Here's a few pics and vids from a storm that moved over us on the weekend...the blower is 72" wide an 39" high, so she takes a pretty good swath of snow...there hasn't been a week since Dec 1'st where I haven't been out at least 2-3 times....the tractor was new with 2.5 hours on it....now it's showing 230 hours....would've been a good season to have the customers on the per snow trip instead of the contract rate.....can't have it all right.....

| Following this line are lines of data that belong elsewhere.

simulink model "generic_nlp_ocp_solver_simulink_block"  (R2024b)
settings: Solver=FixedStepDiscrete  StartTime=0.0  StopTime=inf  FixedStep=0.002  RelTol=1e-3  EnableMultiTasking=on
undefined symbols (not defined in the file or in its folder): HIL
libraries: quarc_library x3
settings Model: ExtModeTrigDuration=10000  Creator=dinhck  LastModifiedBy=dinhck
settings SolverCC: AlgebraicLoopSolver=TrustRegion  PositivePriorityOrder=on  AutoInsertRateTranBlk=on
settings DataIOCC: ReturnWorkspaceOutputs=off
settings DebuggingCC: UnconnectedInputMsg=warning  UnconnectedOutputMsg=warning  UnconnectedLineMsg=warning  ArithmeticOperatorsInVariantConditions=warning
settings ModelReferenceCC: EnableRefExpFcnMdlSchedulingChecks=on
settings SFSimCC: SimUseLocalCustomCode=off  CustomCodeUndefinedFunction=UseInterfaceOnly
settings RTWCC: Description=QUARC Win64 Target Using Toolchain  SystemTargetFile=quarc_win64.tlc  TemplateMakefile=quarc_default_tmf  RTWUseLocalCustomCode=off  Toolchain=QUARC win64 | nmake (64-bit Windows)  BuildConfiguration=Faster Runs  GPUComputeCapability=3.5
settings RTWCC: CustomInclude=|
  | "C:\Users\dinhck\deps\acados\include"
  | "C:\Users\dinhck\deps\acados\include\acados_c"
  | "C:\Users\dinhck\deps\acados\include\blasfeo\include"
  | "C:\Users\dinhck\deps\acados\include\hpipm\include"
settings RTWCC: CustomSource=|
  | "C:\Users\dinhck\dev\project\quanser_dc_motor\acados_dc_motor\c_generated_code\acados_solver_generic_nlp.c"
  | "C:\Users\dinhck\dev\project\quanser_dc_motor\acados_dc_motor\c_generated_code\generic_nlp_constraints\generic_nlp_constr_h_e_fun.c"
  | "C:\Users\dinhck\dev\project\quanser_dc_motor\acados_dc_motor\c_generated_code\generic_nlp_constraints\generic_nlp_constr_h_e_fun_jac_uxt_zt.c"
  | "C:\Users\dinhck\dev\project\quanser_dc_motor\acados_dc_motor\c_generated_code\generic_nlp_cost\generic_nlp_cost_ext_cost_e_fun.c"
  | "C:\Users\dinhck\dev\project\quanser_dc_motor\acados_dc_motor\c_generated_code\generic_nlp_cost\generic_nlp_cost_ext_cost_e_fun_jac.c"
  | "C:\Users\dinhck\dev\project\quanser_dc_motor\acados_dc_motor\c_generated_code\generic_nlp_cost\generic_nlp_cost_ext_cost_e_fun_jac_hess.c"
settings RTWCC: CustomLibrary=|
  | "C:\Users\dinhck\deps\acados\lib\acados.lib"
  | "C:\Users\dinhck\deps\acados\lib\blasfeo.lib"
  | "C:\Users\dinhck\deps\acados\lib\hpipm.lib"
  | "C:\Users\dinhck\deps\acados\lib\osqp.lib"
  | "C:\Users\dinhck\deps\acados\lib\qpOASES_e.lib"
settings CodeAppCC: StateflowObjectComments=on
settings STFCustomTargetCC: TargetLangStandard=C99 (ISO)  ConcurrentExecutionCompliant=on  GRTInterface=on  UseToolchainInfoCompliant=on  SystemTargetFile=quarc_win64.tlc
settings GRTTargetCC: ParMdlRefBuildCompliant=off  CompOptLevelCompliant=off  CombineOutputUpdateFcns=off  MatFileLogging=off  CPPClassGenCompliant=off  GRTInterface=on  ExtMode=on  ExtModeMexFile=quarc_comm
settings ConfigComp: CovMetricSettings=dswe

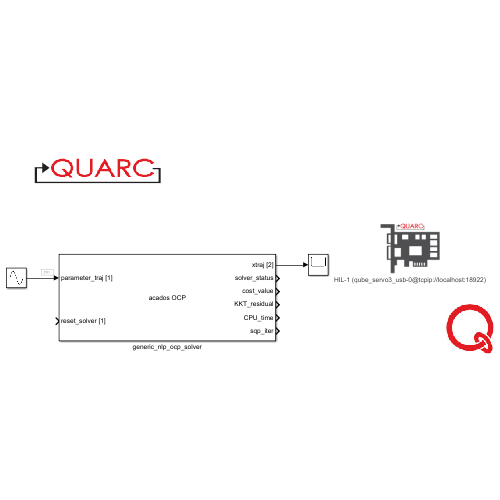
[thumbnail: Simulink's stored preview of the top-level diagram]
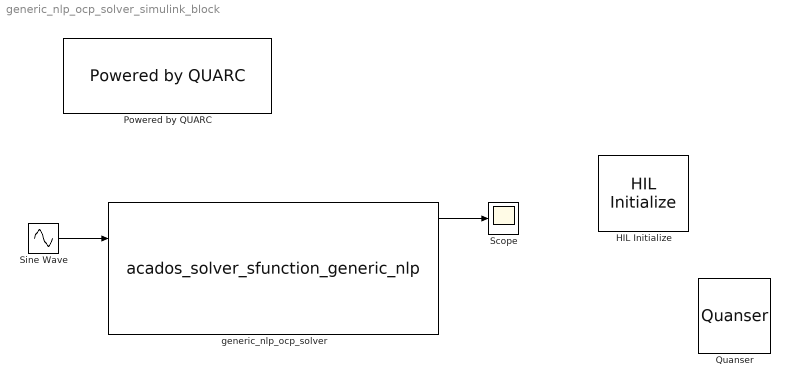
== system generic_nlp_ocp_solver_simulink_block ==
  HIL Initialize : quarc_library/Data Acquisition/Generic/Configuration/HIL Initialize  object_name=HIL-1  board_type=qube_servo3_usb  board_number=0@tcpip://localhost:18922  board_options=deadband_compensation=0.3;pwm_en=0;enc0_velocity=3.0;enc1_velocity=3.0;min_diode_compensation=0.3;max_diode_compensation=1.5  exclusive=off  active=on  hardware_clocks=[0]  clock_modes=[]  initial_clock_frequencies=[]  set_clock_params_at_start=off  set_clock_params_at_switch_in=off  set_clock_frequencies_at_start=off  set_clock_frequencies_at_switch_in=off  analog_input_channels=[0]  analog_input_configurations=[]  analog_input_maximums=3  analog_input_minimums=-3  set_analog_input_params_at_start=off  set_analog_input_params_at_switch_in=off  analog_output_channels=[0]  analog_output_maximums=15  analog_output_minimums=-15  initial_analog_outputs=[0]  final_analog_outputs=[0]  watchdog_analog_outputs=0  set_analog_output_params_at_start=off  set_analog_output_params_at_switch_in=off  set_analog_outputs_at_start=on  set_analog_outputs_at_switch_in=off  set_analog_outputs_at_terminate=on  set_analog_outputs_at_switch_out=off  set_analog_outputs_on_watchdog=on  digital_input_channels=[]  digital_output_channels=[0]  digital_output_configuration=[]  initial_digital_outputs=[1]  final_digital_outputs=[0]  watchdog_digital_outputs=[0]  set_digital_output_params_at_start=off  set_digital_output_params_at_switch_in=off  set_digital_outputs_at_start=on  set_digital_outputs_at_switch_in=off  set_digital_outputs_at_terminate=on  set_digital_outputs_at_switch_out=off  set_digital_outputs_on_watchdog=on  encoder_channels=[0:1]  quadrature=[4]  encoder_filter_frequency=[]  initial_encoder_counts=[0]  set_encoder_params_at_start=off  set_encoder_params_at_switch_in=off  set_encoder_counts_at_start=on  set_encoder_counts_at_switch_in=off  pwm_channels=[]  pwm_modes=[0]  pwm_frequency=23195  pwm_configuration=[1]  pwm_alignment=[0]  pwm_polarity=[1]  pwm_leading_deadband=[0]  pwm_trailing_deadband=[0]  initial_pwm_outputs=[0]  final_pwm_outputs=[0]  watchdog_pwm_outputs=[]  set_pwm_params_at_start=off  set_pwm_params_at_switch_in=off  set_pwm_outputs_at_start=off  set_pwm_outputs_at_switch_in=off  set_pwm_outputs_at_terminate=off  set_pwm_outputs_at_switch_out=off  set_pwm_outputs_on_watchdog=off  other_output_channels=[11000:11002]  initial_other_outputs=[0 1 0]  final_other_outputs=[1 0 0]  watchdog_other_outputs=[0 0 1]  set_other_outputs_at_start=on  set_other_outputs_at_switch_in=off  set_other_outputs_at_terminate=on  set_other_outputs_at_switch_out=off  set_other_outputs_on_watchdog=on
  Powered by QUARC : quarc_library/Logos/Powered by QUARC
  Quanser : quarc_library/Logos/Quanser
  Scope : Scope
  Sine Wave : Sin  Amplitude=1.5  Bias=1.5  SampleTime=0
  generic_nlp_ocp_solver : S-Function  FunctionName=acados_solver_sfunction_generic_nlp  SFunctionDeploymentMode=off  EnableBusSupport=off
      mask Display:
      | global sfun_input_names sfun_output_names
      | for i = 1:length(sfun_input_names)
      |     port_label('input', i, sfun_input_names{i})
      | end
      | for i = 1:length(sfun_output_names)
      |     port_label('output', i, sfun_output_names{i})
      | end
      | disp("acados OCP")
  wires:
  Sine Wave/1 -> generic_nlp_ocp_solver/1
  generic_nlp_ocp_solver/1 -> Scope/1

http://smg.photobucket.com/albums/v111/Stumpy_36/?action=view&current=MVI_08881.flv
http://smg.photobucket.com/albums/v111/Stumpy_36/?action=view&current=MVI_08901.flv
http://smg.photobucket.com/albums/v111/Stumpy_36/?action=view&current=MVI_08971.flv


----------



## grandview (Oct 9, 2005)

What's the temp. up there now? Looks cold.


----------



## RdTeK (Feb 23, 2007)

grandview;535730 said:


> What's the temp. up there now? Looks cold.


 Been not bad lately...yesterday was -3C/26F, today was +6C/42F. The blower is 86" wide, not the 72" I first started above.


----------



## nicksplowing (Oct 5, 2005)

*NICE RIG WHATS IT LIKE WORKING IN REVERSE ALL THE TIME THO *


----------



## RdTeK (Feb 23, 2007)

nickplowing1972;535761 said:


> *NICE RIG WHATS IT LIKE WORKING IN REVERSE ALL THE TIME THO *


 Not as bad as you'd think...most driveways you're only in reverse for maybe 20-30 seconds for each pass, these long lanes are a bit hard on the neck.


----------



## Triple L (Nov 1, 2005)

wow! what a beast... How many HP is that tractor, aint no stoppin that thing.. Hows that chute work, looks like the snow was coming out a different shoot instead of the big one, does that one move more volume... never seen that before


----------



## RdTeK (Feb 23, 2007)

Triple L;535817 said:


> wow! what a beast... How many HP is that tractor, aint no stoppin that thing.. Hows that chute work, looks like the snow was coming out a different shoot instead of the big one, does that one move more volume... never seen that before


 Hi Triple.....the tractor has around 100 Hp...it can sure handle snow. The blower has a sidechute where the whole drum will rotate with a hydraulic motor to either discharge left or right or straight up....using the sidechute doesn't use near the hp that it does to push the snow up the main chute.....it's great in heavy snow like this.


----------



## mike psd (Aug 12, 2007)

now thats how get work done  how noisy are those blowers ?


----------



## RdTeK (Feb 23, 2007)

mike psd;535972 said:


> now thats how get work done  how noisy are those blowers ?


The chain going around the cogs makes the most noise, I've recently tried chainsaw oil since it's super sticky and stays on the chain longer.


----------



## J&R Landscaping (Dec 25, 2005)

Nice pictures!


----------



## Humvee27 (Feb 5, 2008)

nice pics...you even have the right tractor!


----------



## deere615 (Jun 1, 2007)

Awesome Tractor


----------



## bribrius (May 5, 2007)

nice setup.


----------